De los asesinados el jueves 20 de agosto de 1936, han sido beatificados como mártires del siglo XX en España 18: ocho de los 74 religiosos fusilados esa madrugada en Lérida –tres mercedarios, dos sacerdotes hijos de la Sagrada Familia –Pedro Sadurní Reventós y Juan Cuscó Oliver-, un sacerdote de la diócesis de Urgel -Pau Segalà Solè- y dos sacerdotes carmelitas -su hermano Francisco (de la Asunción) Segalà Solè y Jaime (Silveri de San Luis Gonzaga) Perucho Fontarro-, más el sacerdote claretiano Emilio Bover Albareda en la misma provincia; un sacerdote operario –Cristòfol Baqués Almirall– y un lasaliano -el hermano Celestino Antonio, al que acusaron de espía– en la provincia de Barcelona; un sacerdote secular –Magí Albaigés Escoda– en Tarragona; un escolapio en Castellón; una seglar –María Climent Mateu– en Játiva (Valencia), en la provincia de Almería otros dos laicos más un sacerdote; y en la de Madrid el sacerdote paúl Hilario Barriocanal Quintana.
Este día se conmemora el martirio en Córdoba de los santos monjes Leovigildo y Cristóbal a manos de los islamistas en 852; en Francia de los monjes Luis Francisco Le Brun y Gervasio Brunel (1794); del sacerdote polaco Ladislao Maczkowski y del alemán George Hafner por los nazis en Dachau (1942)
Al ver que llevaban a matar a sus compañeros, dijo que era religioso para ir con ellos
Tomás Campo Marín, de 57 años y burgalés de Mahamud, tomó el hábito mercedario en El Olivar (Teruel) en 1895 y se ordenó sacerdote en 1902. Estuvo muchos años en Mallorca, pasando en 1920 a Barcelona; de 1926 a 1930 fue coadjutor en la parroquia de El Puig (Valencia). De nuevo fue a Mallorca como comendador hasta que le nombraron vicario en Lleida en agosto de 1935.

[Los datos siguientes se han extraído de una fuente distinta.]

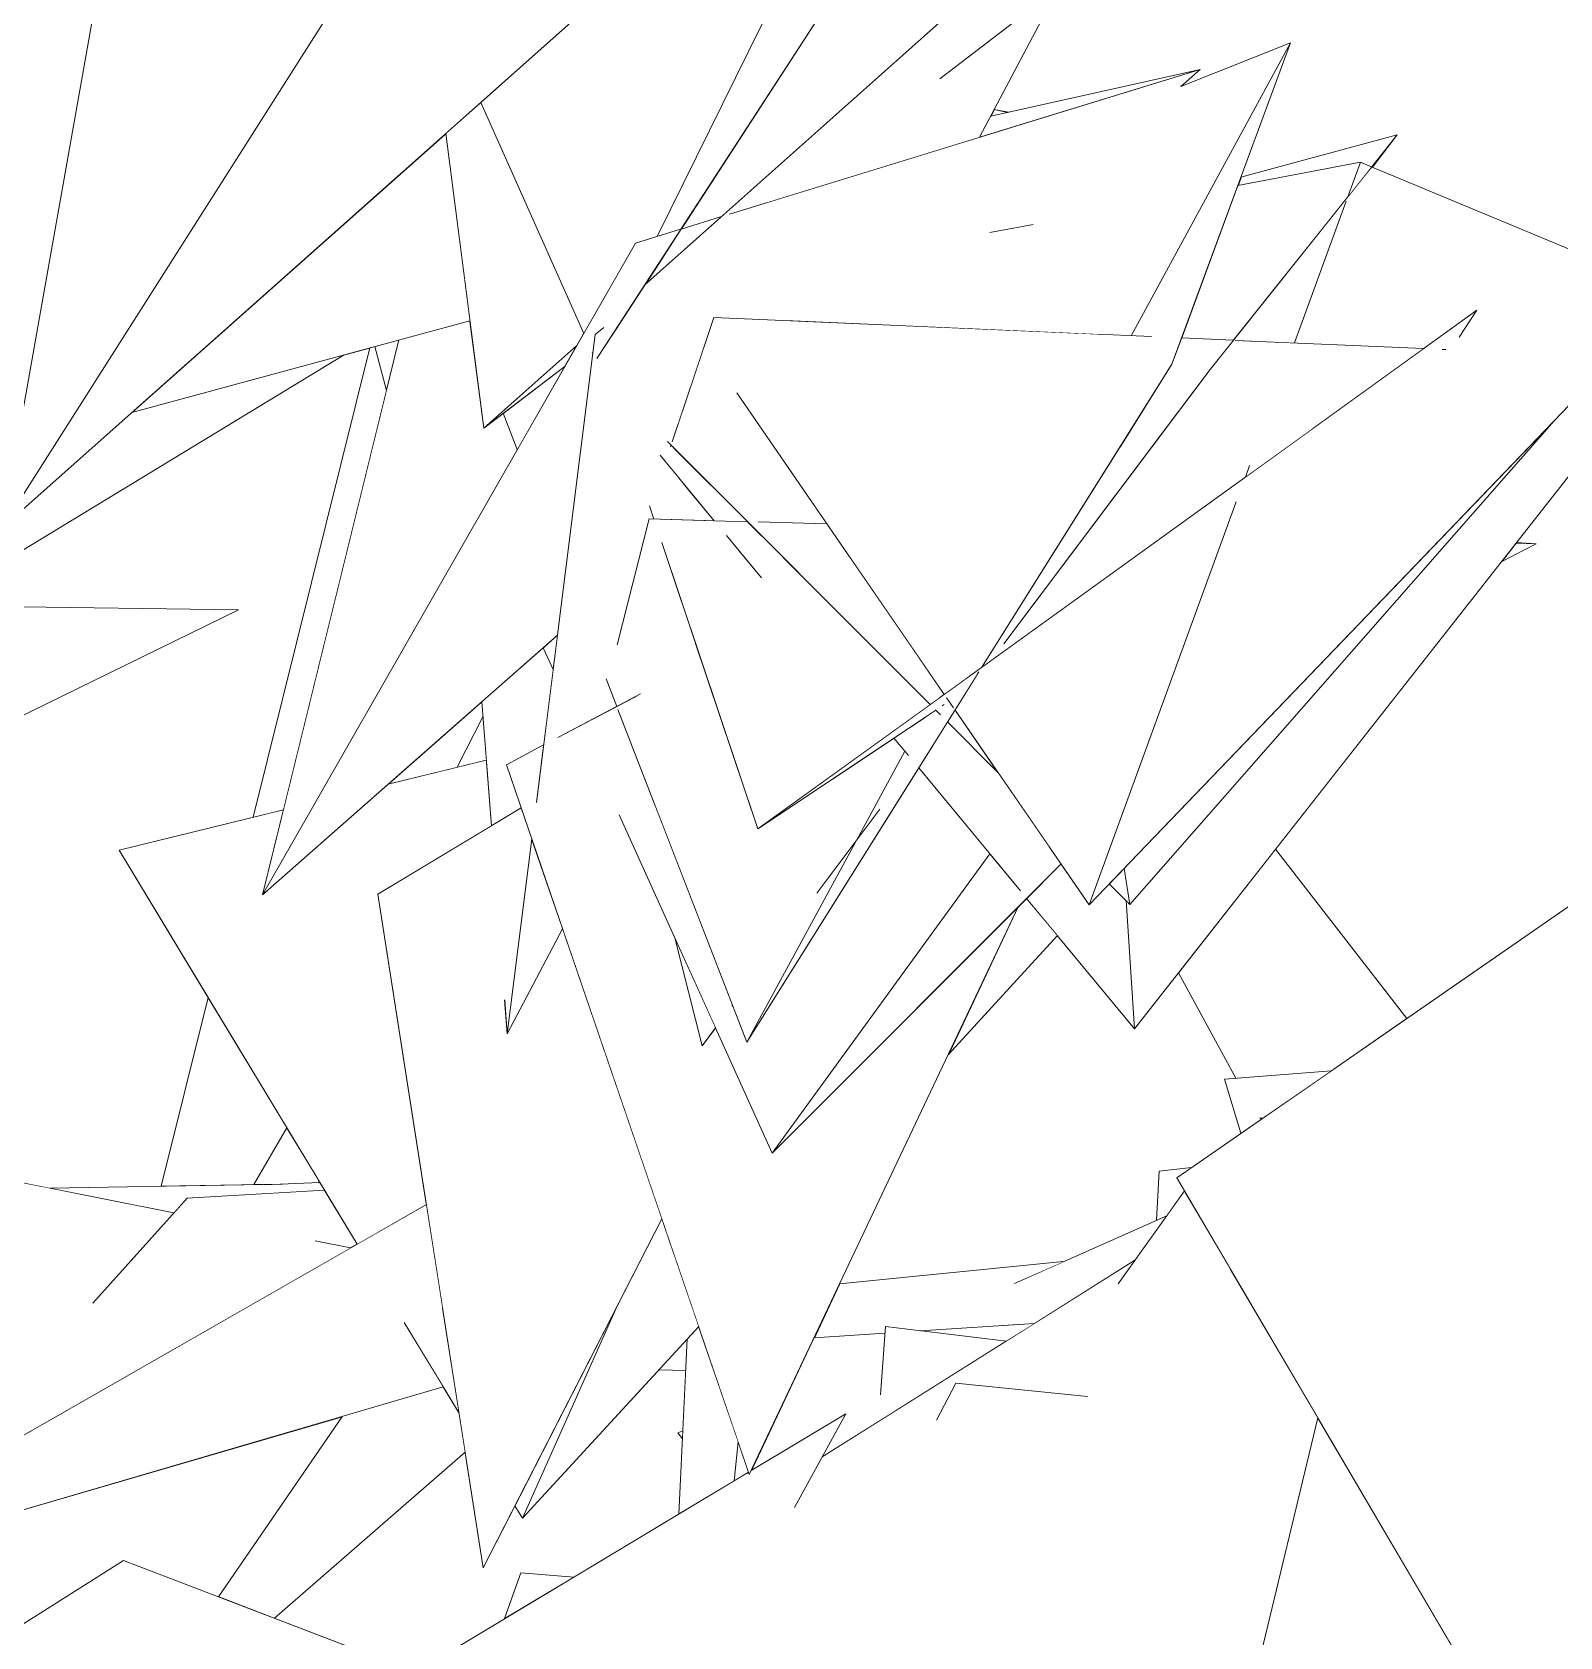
# Model space of a CAD drawing. Header units: millimetres. Extents: x -9413 to 8527, y -300 to 11224.
# Drawn here: x -8040 to -7529, y 4999 to 5535 of the extents above; entities that cross this region are included whole.
import ezdxf

# ---------------------------------------------------------------- set-up
doc = ezdxf.new("R2010")
doc.units = ezdxf.units.MM
doc.header["$MEASUREMENT"] = 0
doc.linetypes.add('Wipeout_Contour', pattern=[1000, 0, -1000])
doc.layers.add('Interior - Furniture', color=7, linetype='Continuous')
doc.layers.add('Interior - Furniture _Pen_No__4', color=7, linetype='Continuous', lineweight=20, true_color=0x029e21)

# ---------------------------------------------------------------- blocks, each defined once
blk = doc.blocks.new('Section Elem_40_6')
at = {"color": 254, "linetype": 'Wipeout_Contour', "lineweight": 0, "ltscale": 28944.765623}
blk.add_wipeout([(-8050.13, 5369.46), (-7749.89, 5636.33), (-7915.76, 5580.9)], dxfattribs=at).dxf.layer = 'Interior - Furniture'
at = {"color": 254, "linetype": 'Wipeout_Contour', "lineweight": 0, "ltscale": 27765.288463}
blk.add_wipeout([(-7544.02, 5364.31), (-7548.92, 5358.09), (-7537.2, 5364.12)], dxfattribs=at).dxf.layer = 'Interior - Furniture'
at = {"color": 254, "linetype": 'Wipeout_Contour', "lineweight": 0, "ltscale": 54531.242138}
blk.add_wipeout([(-7404.98, 5326.91), (-7657.41, 5152.23), (-7514.65, 4909.11), (-7452.06, 5147.55), (-7527.86, 5089.93), (-7450.63, 5152.99)], dxfattribs=at).dxf.layer = 'Interior - Furniture'
at = {"color": 254, "linetype": 'Wipeout_Contour', "lineweight": 0, "ltscale": 38046.584202}
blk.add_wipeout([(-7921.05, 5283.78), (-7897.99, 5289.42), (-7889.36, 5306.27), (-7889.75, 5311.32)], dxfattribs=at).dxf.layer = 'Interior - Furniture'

Serapio Sanz Iranzo, de 56 años, ingresó en El Olivar —era natural de la vecina población turolense de Muniesa— en 1901 y pasó casi toda su vida como hermano mercedario en el convento de Lérida.
Francisco Llagostera Bonet, de 53 años y tarraconense de Valli, fue seminarista en Tarragona y se ordenó sacerdote en 1911, pero en 1923 se fue a vestir el hábito mercedario. Había llegado en mayo de 1936 al convento de Lleida, que ya tras las elecciones de febrero tuvieron que abandonar varias noches sus habitantes, porque se les amenazaba de muerte y con quemarlo.
Los tres mercedarios se refugiaron el 22 de julio de 1936 en casa del señor Amorós, en el número 38 de la calle San Antonio, frente al convento. Mal aconsejados —la Generalidad de Cataluña había ordenado encarcelar a sacerdotes y religiosos—, se entregaron, creyendo que la cárcel les protegería. Allí los llevó, tras la petición hecha por la señora Amorós en una comisaría, el señor Juan Ribelles, con un coche de la Generalidad.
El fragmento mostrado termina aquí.